Hacker News new | ask | show | jobs
by throwaway-1209 3290 days ago
The whole field of NLP and computational linguistics reminds me of that joke where a drunk is looking for his keys under a street lamp instead of where he actually lost them.

This is true in particular of anything that pertains to reasoning and knowledge representation. People still are trying to "infer rules" and do logical, rather than probabilistic reasoning. I get why that is. To me though, the kind of real life reasoning that humans do seems heavily probabilistic and contextual, Bayesian almost. And there's next to no notable work going on in that direction.

2 comments

>> People still are trying to "infer rules" and do logical, rather than probabilistic reasoning. I get why that is.

That is because it's very hard to collect statistics on something that you can't really quantify- meaning, in this case.

There was a thread on HN a couple of days ago about a blog post where someone was experimenting with, among other things, training an LSTM network to generate Java programs [1]. In one example, the LSTM did really well in reproducing the structure of a Java program, with import declarations, followed by a class implementing an interface with a few methods with structured comments and throws declarations and everything- and even a test!

On the other hand, this program was completely useless. From a cursory glance it would probably not even compile (e.g. it refered to undeclared variables etc). There was one method named "numericalMean()" that took a single double and returned an (undeclared) variable "sum". The class had a nonsensical name - "SinoutionIntegrator". The test was testing something called "Cosise", presumably a method- but not one defined in the class. In short- a mess.

That might sound a bit harsh, but I think it's a very good example of why statistical NLP is really bad at doing meaning: because there is nothing, not a shred, of meaning in examples of the data we use to train statistical models of language, i.e. text.

Because, you see, the relation between meaning and text (and even spoken language) is completely arbitrary. Or, to put it in another way, there are potentially an infinite number of valid mappings between structure and meaning, of which we, human beings, somehow by convention or some other crazy mechanism, have agreed to use just one. And even though the various forms language entities take (inflections etc) are used exactly to convey meaning, right, the rules of how meaning varies with structure are, again, completely independent from structure itself.

Now, we have done very well in modelling structure, from examples of it (which is what text is). But it's completely unreasonable to expect our algorithms to be able to extract meaning from it also.
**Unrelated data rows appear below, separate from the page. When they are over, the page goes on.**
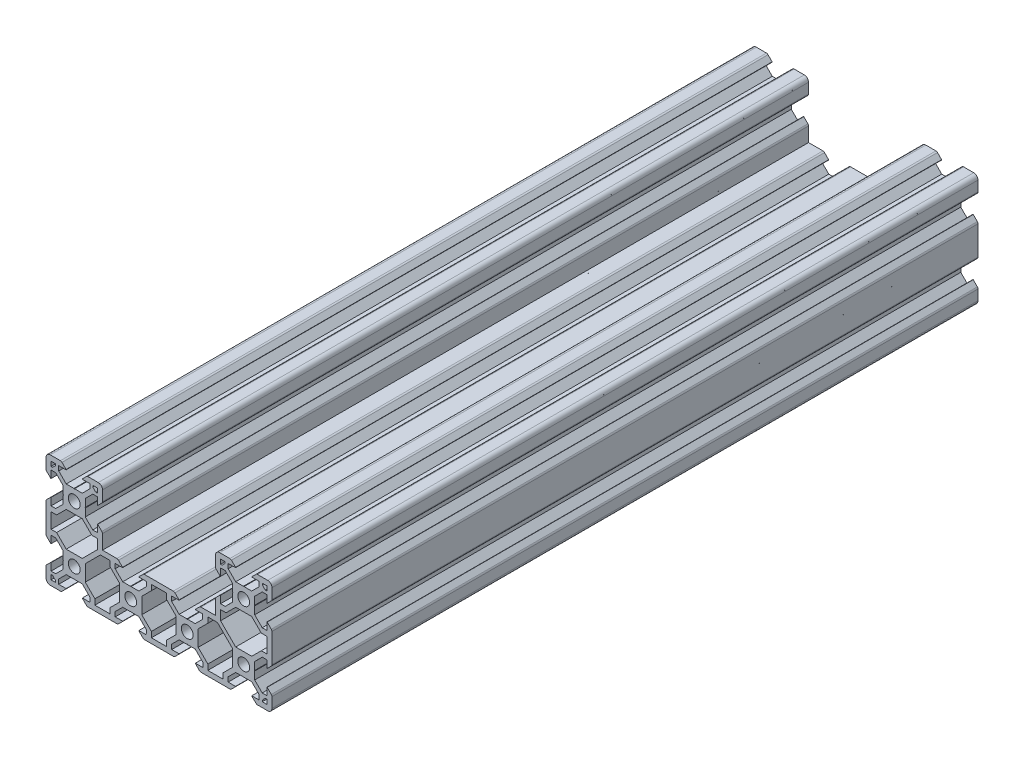
SolidWorks part; units mm, degrees
material "6061-T6 (SS)"
ref_plane "Front Plane" through (0, 0, 0) normal (0, 0, 1) x (1, 0, 0)
ref_plane "Top Plane" through (0, 0, 0) normal (0, 1, 0) x (1, 0, 0)
ref_plane "Right Plane" through (0, 0, 0) normal (1, 0, 0) x (0, 0, -1)
sketch "Sketch3" plane through (0, 0, 0) normal (0, 0, 1) x (1, 0, 0)
  line L5 (-8.2, 2.8825) -> (-8.2, 5.4959)
  line L6 (-4.8999, 10.0096) -> (-8.496, 10.0096)
  line L14 (-10, 4.8997) -> (-10, 8.5056)
  line L18 (-999.9992, 0.0096) -> (49000.0008, 0.0096) construction
  line L19 (0, -999.9929) -> (0, 49000.0071) construction
  line L20 (-0.1067, 3.9071) -> (-2.835, 3.9071)
  line L22 (-3.9, 0.0983) -> (-3.9, 2.8367)
  line L24 (-2.8827, 8.208) -> (-5.496, 8.208)
  line L25 (-6.57, 8.208) -> (-6.57, 7.668)
  line L26 (-8.2, 6.578) -> (-7.66, 6.578)
  line L44 (-5.496, 8.208) -> (-5.496, 6.566)
  line L46 (-6.56, 5.4959) -> (-8.2, 5.4959)
  line L58 (30, -1000.0108) -> (30, 48999.9892) construction
  line L65 (-6.56, 5.4959) -> (-3.9, 2.8367)
  line L66 (-5.496, 6.566) -> (-2.835, 3.9071)
  line L67 (-7.66, 6.578) -> (-6.57, 7.668)
  line L68 (-8.2, 6.578) -> (-8.2, 8.208)
  line L69 (-6.57, 8.208) -> (-8.2, 8.208)
  line L70 (-2.8827, 8.3196) -> (-2.8827, 8.208)
  line L71 (-8.31, 2.8825) -> (-8.2, 2.8825)
  line L72 (-4.3413, 9.7782) -> (-2.8827, 8.3196)
  line L73 (-8.31, 2.8825) -> (-9.7686, 4.3411)
  line L74 (-0.1067, 3.9071) -> (0, 3.8071)
  line L75 (-3.9, 0.0983) -> (-3.7992, 0.0096)
  line L76 (-8.2, -7.2977) -> (-6.2381, -7.2977)
  line L77 (-8.31, -17.115) -> (-9.7657, -15.6593)
  line L78 (0, -3.9016) -> (-2.835, -3.9016)
  line L79 (-3.7992, 0.0096) -> (-3.9, -0.1033)
  line L80 (-3.9, -0.1033) -> (-3.9, -2.8417)
  line L81 (-2.835, -3.9016) -> (-6.2381, -7.2977)
  line L82 (-3.9, -2.8417) -> (-6.56, -5.4962)
  line L83 (-8.2, -2.8829) -> (-8.2, -5.4962)
  line L84 (-8.2, -17.115) -> (-8.31, -17.115)
  line L85 (-6.56, -5.4962) -> (-8.2, -5.4962)
  line L86 (10, -9.9904) -> (15.1019, -9.9904)
  line L87 (-8.2, -2.8829) -> (-8.31, -2.8829)
  line L88 (-8.31, -2.8829) -> (-9.7657, -4.3385)
  line L89 (-1000, -19.9904) -> (49000, -19.9904) construction
  line L90 (-8.2, -7.2977) -> (-8.2, -12.6899)
  line L91 (-10, -4.9042) -> (-10, -15.0936)
  line L92 (-6.56, -14.5017) -> (-8.2, -14.5017)
  line L93 (-8.2, -17.115) -> (-8.2, -14.5017)
  line L94 (-3.9, -17.1683) -> (-6.56, -14.5017)
  line L95 (-2.8404, -16.0895) -> (-6.24, -12.6899)
  line L96 (-3.9, -19.9066) -> (-3.9, -17.1683)
  line L97 (-3.8052, -20.0014) -> (-3.9, -19.9066)
  line L98 (0, -16.0895) -> (-2.8404, -16.0895)
  line L99 (-8.2, -12.6899) -> (-6.24, -12.6899)
  line L100 (-3.9, -20.0962) -> (-3.8052, -20.0014)
  line L101 (-0.0887, -23.8929) -> (0, -23.7929)
  line L102 (-8.31, -22.8804) -> (-9.7686, -24.339)
  line L103 (-4.334, -29.759) -> (-2.8754, -28.3004)
  line L104 (-8.31, -22.8804) -> (-8.2, -22.8804)
  line L105 (-2.8754, -28.3004) -> (-2.8754, -28.1904)
  line L106 (-6.57, -28.1904) -> (-8.2, -28.1904)
  line L107 (-8.2, -26.5604) -> (-8.2, -28.1904)
  line L108 (-7.66, -26.5604) -> (-6.57, -27.6504)
  line L109 (-5.4887, -26.5517) -> (-2.8291, -23.8929)
  line L110 (-6.56, -25.4937) -> (-3.9, -22.8345)
  line L111 (-6.56, -25.4937) -> (-8.2, -25.4937)
  line L112 (-5.4887, -28.1904) -> (-5.4887, -26.5517)
  line L113 (-8.2, -26.5604) -> (-7.66, -26.5604)
  line L114 (-6.57, -28.1904) -> (-6.57, -27.6504)
  line L115 (-2.8754, -28.1904) -> (-5.4887, -28.1904)
  line L116 (-3.9, -20.0962) -> (-3.9, -22.8345)
  line L117 (-0.0887, -23.8929) -> (-2.8291, -23.8929)
  line L118 (-10, -24.8976) -> (-10, -28.4904)
  line L119 (-4.9072, -29.9904) -> (-8.5, -29.9904)
  line L120 (-8.2, -22.8804) -> (-8.2, -25.4937)
  line L121 (20, -1019.9807) -> (20, 48980.0193) construction
  line L122 (-972.545, -9.9904) -> (49027.455, -9.9904) construction
  line L123 (-8.2, 2.8825) -> (-8.2, -2.8829) construction
  line L124 (-8.2, -17.115) -> (-8.2, -22.8804) construction
  line L125 (-2.8754, -28.1904) -> (2.89, -28.1904) construction
  line L126 (17.11, -28.1904) -> (22.8754, -28.1904) construction
  line L127 (17.1233, -11.7895) -> (22.8887, -11.7904) construction
  line L128 (8.2, -2.8829) -> (8.2, 2.8825) construction
  line L129 (2.8827, 8.208) -> (-2.8827, 8.208) construction
  line L130 (57.1173, 8.208) -> (62.8827, 8.208) construction
  line L131 (51.8, -2.8829) -> (51.8, 2.8825) construction
  line L132 (42.8767, -11.7895) -> (37.1113, -11.7904) construction
  line L133 (22.8482, -16.0895) -> (20.1099, -16.0895)
  line L134 (42.89, -28.1904) -> (37.1246, -28.1904) construction
  line L135 (62.8754, -28.1904) -> (57.11, -28.1904) construction
  line L136 (68.2, -17.115) -> (68.2, -22.8804) construction
  line L137 (68.2, 2.8825) -> (68.2, -2.8829) construction
  line L138 (51.8, 2.8825) -> (51.8, 5.4959)
  line L139 (55.1001, 10.0096) -> (51.504, 10.0096)
  line L140 (50, 4.8997) -> (50, 8.5056)
  line L141 (59.8933, 3.9071) -> (57.165, 3.9071)
  line L142 (56.1, 0.0983) -> (56.1, 2.8367)
  line L143 (57.1173, 8.208) -> (54.504, 8.208)
  line L144 (53.43, 8.208) -> (53.43, 7.668)
  line L145 (27.3193, -13.7504) -> (23.9096, -17.16)
  line L146 (22.8482, -16.0895) -> (25.5078, -13.4299)
  line L147 (51.8, 6.578) -> (52.34, 6.578)
  line L148 (54.504, 8.208) -> (54.504, 6.566)
  line L149 (53.44, 5.4959) -> (51.8, 5.4959)
  line L150 (53.44, 5.4959) -> (56.1, 2.8367)
  line L151 (54.504, 6.566) -> (57.165, 3.9071)
  line L152 (2.89, -28.1904) -> (5.5033, -28.1904)
  line L153 (22.8887, -11.7904) -> (22.8887, -11.6804)
  line L154 (5.5033, -26.5513) -> (5.5033, -28.1904)
  line L155 (24.3444, -10.2247) -> (22.8887, -11.6804)
  line L156 (7.3096, -26.2431) -> (7.3096, -28.1904)
  line L157 (2.89, -28.1904) -> (2.89, -28.3004)
  line L158 (2.89, -28.3004) -> (4.3457, -29.7561)
  line L159 (7.3096, -28.1904) -> (12.7, -28.1904)
  line L160 (16.1096, -17.16) -> (16.1096, -22.8307)
  line L161 (17.1705, -23.8929) -> (19.9105, -23.8929)
  line L162 (12.7, -26.2404) -> (16.1096, -22.8307)
  line L163 (17.1705, -23.8929) -> (14.4967, -26.5525)
  line L164 (17.11, -28.1904) -> (17.11, -28.3004)
  line L165 (4.9114, -29.9904) -> (15.0886, -29.9904)
  line L166 (15.6543, -29.7561) -> (17.11, -28.3004)
  line L167 (52.34, 6.578) -> (53.43, 7.668)
  line L168 (19.9105, -23.8929) -> (20.0109, -23.7929)
  line L169 (14.4967, -28.1904) -> (14.4967, -26.5525)
  line L170 (12.7, -28.1904) -> (12.7, -26.2404)
  line L171 (51.8, 6.578) -> (51.8, 8.208)
  line L172 (14.4967, -28.1904) -> (17.11, -28.1904)
  line L173 (20.1108, -23.8929) -> (20.0109, -23.7929)
  line L174 (25.502, -11.7904) -> (25.5078, -13.4299)
  line L175 (32.6807, -28.1904) -> (27.3193, -28.1904)
  line L176 (35.1033, -29.9904) -> (24.8967, -29.9904)
  line L177 (25.4887, -28.1904) -> (22.8754, -28.1904)
  line L178 (27.3193, -28.1904) -> (27.3193, -26.2304)
  line L179 (25.4887, -28.1904) -> (25.5159, -26.5596)
  line L180 (53.43, 8.208) -> (51.8, 8.208)
  line L181 (24.3311, -29.7561) -> (22.8754, -28.3004)
  line L182 (22.8754, -28.1904) -> (22.8754, -28.3004)
  line L183 (22.8492, -23.8929) -> (25.5159, -26.5596)
  line L184 (27.3193, -26.2304) -> (23.9096, -22.8207)
  line L185 (22.8492, -23.8929) -> (20.1108, -23.8929)
  line L186 (23.9096, -17.16) -> (23.9096, -22.8207)
  line L187 (27.3193, -11.7904) -> (27.3193, -13.7504)
  line L188 (25.502, -11.7904) -> (22.8887, -11.7904)
  line L189 (35.0899, -9.9904) -> (24.9101, -9.9904)
  line L190 (32.6807, -11.7904) -> (27.3193, -11.7904)
  line L191 (20.1099, -16.0895) -> (20.0097, -16.1897)
  line L192 (14.51, -11.7895) -> (17.1233, -11.7895)
  line L193 (12.7, -11.7987) -> (12.7, -13.7504)
  line L194 (14.51, -11.7895) -> (14.51, -13.4299)
  line L195 (19.9096, -16.0895) -> (20.0097, -16.1897)
  line L196 (0.0887, -23.8929) -> (2.8291, -23.8929)
  line L197 (15.6676, -10.2297) -> (17.1233, -11.6854)
  line L198 (57.1173, 8.3196) -> (57.1173, 8.208)
  line L199 (17.1233, -11.7895) -> (17.1233, -11.6854)
  line L200 (17.1696, -16.0895) -> (14.51, -13.4299)
  line L201 (12.7, -13.7504) -> (16.1096, -17.16)
  line L202 (17.1696, -16.0895) -> (19.9096, -16.0895)
  line L203 (51.69, 2.8825) -> (51.8, 2.8825)
  line L204 (9.2696, -11.7987) -> (12.7, -11.7987)
  line L205 (55.6587, 9.7782) -> (57.1173, 8.3196)
  line L206 (51.69, 2.8825) -> (50.2314, 4.3411)
  line L207 (59.8933, 3.9071) -> (60, 3.8071)
  line L208 (56.1, 0.0983) -> (56.2008, 0.0096)
  line L209 (51.8, -7.2977) -> (53.7619, -7.2977)
  line L210 (2.84, -16.0895) -> (8.2, -10.7295)
  line L211 (60, -3.9016) -> (57.165, -3.9016)
  line L212 (56.2008, 0.0096) -> (56.1, -0.1033)
  line L213 (56.1, -0.1033) -> (56.1, -2.8417)
  line L214 (57.165, -3.9016) -> (53.7619, -7.2977)
  line L215 (56.1, -2.8417) -> (53.44, -5.4962)
  line L216 (51.8, -2.8829) -> (51.8, -5.4962)
  line L217 (53.44, -5.4962) -> (51.8, -5.4962)
  line L218 (51.8, -2.8829) -> (51.69, -2.8829)
  line L219 (51.69, -2.8829) -> (50.2343, -4.3385)
  line L220 (51.8, -7.2977) -> (51.8, -10.7295)
  line L221 (50, -4.9042) -> (50, -9.9904)
  line L222 (56.1, -17.1683) -> (50.7304, -11.7987)
  line L223 (56.1, -22.8345) -> (56.1, -17.1683)
  line L224 (60, -16.0895) -> (57.16, -16.0895)
  line L225 (59.9113, -23.8929) -> (60, -23.7929)
  line L226 (54.4967, -26.5513) -> (57.1709, -23.8929)
  line L227 (52.6904, -26.2431) -> (56.1, -22.8345)
  line L228 (57.16, -16.0895) -> (51.8, -10.7295)
  line L229 (50.7304, -11.7987) -> (47.3, -11.7987)
  line L230 (42.8304, -16.0895) -> (40.0904, -16.0895)
  line L231 (47.3, -13.7504) -> (43.8904, -17.16)
  line L232 (42.8304, -16.0895) -> (45.49, -13.4299)
  line L233 (42.8767, -11.7895) -> (42.8767, -11.6854)
  line L234 (44.3324, -10.2297) -> (42.8767, -11.6854)
  line L235 (59.9113, -23.8929) -> (57.1709, -23.8929)
  line L236 (40.0904, -16.0895) -> (39.9903, -16.1897)
  line L237 (45.49, -11.7895) -> (45.49, -13.4299)
  line L238 (47.3, -11.7987) -> (47.3, -13.7504)
  line L239 (45.49, -11.7895) -> (42.8767, -11.7895)
  line L240 (39.8901, -16.0895) -> (39.9903, -16.1897)
  line L241 (34.498, -11.7904) -> (37.1113, -11.7904)
  line L242 (32.6807, -11.7904) -> (32.6807, -13.7504)
  line L243 (36.0904, -17.16) -> (36.0904, -22.8207)
  line L244 (37.1508, -23.8929) -> (39.8892, -23.8929)
  line L245 (32.6807, -26.2304) -> (36.0904, -22.8207)
  line L246 (37.1508, -23.8929) -> (34.4841, -26.5596)
  line L247 (37.1246, -28.1904) -> (37.1246, -28.3004)
  line L248 (35.6689, -29.7561) -> (37.1246, -28.3004)
  line L249 (34.5113, -28.1904) -> (34.4841, -26.5596)
  line L250 (32.6807, -28.1904) -> (32.6807, -26.2304)
  line L251 (34.5113, -28.1904) -> (37.1246, -28.1904)
  line L252 (34.498, -11.7904) -> (34.4922, -13.4299)
  line L253 (39.8892, -23.8929) -> (39.9891, -23.7929)
  line L254 (45.5033, -28.1904) -> (42.89, -28.1904)
  line L255 (47.3, -28.1904) -> (47.3, -26.2404)
  line L256 (45.5033, -28.1904) -> (45.5033, -26.5525)
  line L257 (40.0895, -23.8929) -> (39.9891, -23.7929)
  line L258 (44.3457, -29.7561) -> (42.89, -28.3004)
  line L259 (55.0886, -29.9904) -> (44.9114, -29.9904)
  line L260 (42.89, -28.1904) -> (42.89, -28.3004)
  line L261 (42.8295, -23.8929) -> (45.5033, -26.5525)
  line L262 (47.3, -26.2404) -> (43.8904, -22.8307)
  line L263 (42.8295, -23.8929) -> (40.0895, -23.8929)
  line L264 (43.8904, -17.16) -> (43.8904, -22.8307)
  line L265 (52.6904, -28.1904) -> (47.3, -28.1904)
  line L266 (57.11, -28.3004) -> (55.6543, -29.7561)
  line L267 (57.11, -28.1904) -> (57.11, -28.3004)
  line L268 (52.6904, -26.2431) -> (52.6904, -28.1904)
  line L269 (35.6556, -10.2247) -> (37.1113, -11.6804)
  line L270 (54.4967, -26.5513) -> (54.4967, -28.1904)
  line L271 (37.1113, -11.7904) -> (37.1113, -11.6804)
  line L272 (57.11, -28.1904) -> (54.4967, -28.1904)
  line L273 (37.1518, -16.0895) -> (34.4922, -13.4299)
  line L274 (32.6807, -13.7504) -> (36.0904, -17.16)
  line L275 (37.1518, -16.0895) -> (39.8901, -16.0895)
  line L276 (68.2, -22.8804) -> (68.2, -25.4937)
  line L277 (64.9072, -29.9904) -> (68.5, -29.9904)
  line L278 (70, -24.8976) -> (70, -28.4904)
  line L279 (60.0887, -23.8929) -> (62.8291, -23.8929)
  line L280 (63.9, -20.0962) -> (63.9, -22.8345)
  line L281 (62.8754, -28.1904) -> (65.4887, -28.1904)
  line L282 (66.57, -28.1904) -> (66.57, -27.6504)
  line L283 (68.2, -26.5604) -> (67.66, -26.5604)
  line L284 (65.4887, -28.1904) -> (65.4887, -26.5517)
  line L285 (66.56, -25.4937) -> (68.2, -25.4937)
  line L286 (66.56, -25.4937) -> (63.9, -22.8345)
  line L287 (65.4887, -26.5517) -> (62.8291, -23.8929)
  line L288 (67.66, -26.5604) -> (66.57, -27.6504)
  line L289 (68.2, -26.5604) -> (68.2, -28.1904)
  line L290 (66.57, -28.1904) -> (68.2, -28.1904)
  line L291 (62.8754, -28.3004) -> (62.8754, -28.1904)
  line L292 (68.31, -22.8804) -> (68.2, -22.8804)
  line L293 (64.334, -29.759) -> (62.8754, -28.3004)
  line L294 (68.31, -22.8804) -> (69.7686, -24.339)
  line L295 (60.0887, -23.8929) -> (60, -23.7929)
  line L296 (63.9, -20.0962) -> (63.8052, -20.0014)
  line L297 (68.2, -12.6899) -> (66.24, -12.6899)
  line L298 (60, -16.0895) -> (62.8404, -16.0895)
  line L299 (63.8052, -20.0014) -> (63.9, -19.9066)
  line L300 (63.9, -19.9066) -> (63.9, -17.1683)
  line L301 (62.8404, -16.0895) -> (66.24, -12.6899)
  line L302 (63.9, -17.1683) -> (66.56, -14.5017)
  line L303 (68.2, -17.115) -> (68.2, -14.5017)
  line L304 (66.56, -14.5017) -> (68.2, -14.5017)
  line L305 (70, -4.9042) -> (70, -15.0936)
  line L306 (68.2, -7.2977) -> (68.2, -12.6899)
  line L307 (68.31, -2.8829) -> (69.7657, -4.3385)
  line L308 (68.2, -2.8829) -> (68.31, -2.8829)
  line L309 (50, -9.9904) -> (44.8981, -9.9904)
  line L310 (66.56, -5.4962) -> (68.2, -5.4962)
  line L311 (68.2, -17.115) -> (68.31, -17.115)
  line L312 (68.2, -2.8829) -> (68.2, -5.4962)
  line L313 (63.9, -2.8417) -> (66.56, -5.4962)
  line L314 (62.835, -3.9016) -> (66.2381, -7.2977)
  line L315 (63.9, -0.1033) -> (63.9, -2.8417)
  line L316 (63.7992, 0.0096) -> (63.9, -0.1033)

And that is why people are still trying to put down the rules of meaning by hand. Because that's the only way we can think of, currently, to process meaning automatically.

________

[1] https://news.ycombinator.com/item?id=14526305

I don't think these two things are mutually exclusive.

As far as I'm aware there is work underway to take logical constructions and integrate them with probablistic machine learning to do things like force zero probabilities in impossible input cases. That is encoding domain knowledge into the model directly in the form of symbolic reasoning.

I mean even Bayesian nets require some encoding of causality​ right? Maybe I'm reading to much of "blah symbolic reasoning is worthless" in your comment?

It's not worthless, per se, it's just not a precursor to AGI in any shape or form, no matter how much the researchers pretend otherwise.
Worth reading maybe?

http://reasoning.cs.ucla.edu/fetch.php?id=136&type=pdf

Abstract:

> We propose the Probabilistic Sentential Decision Diagram (PSDD): A complete and canonical representation of probability distributions defined over the models of a given propositional theory. Each parameter of a PSDD can be viewed as the (conditional) probability of making a decision in a corresponding Sentential Decision Diagram (SDD). The SDD itself is a recently proposed complete and canonical representation of propositional theories. We explore a number of interesting properties of PSDDs, including the independencies that underlie them. We show that the PSDD is a tractable representation. We further show how the parameters of a PSDD can be efficiently estimated, in closed form, from complete data. We empirically evaluate the quality of PSDDs learned from data, when we have knowledge, a priori, of the domain logical constraints.

Still working on my understanding but Professor Darwiche gave a lecture on the material in one of my classes. Salient bit:

> The problem we tackle here is that of developing a representation of probability distributions in the presence of massive, logical constraints. That is, given a propositional logic theory which represents domain constraints, our goal is to develop a representation that induces a unique probability distribution over the models of the given theory.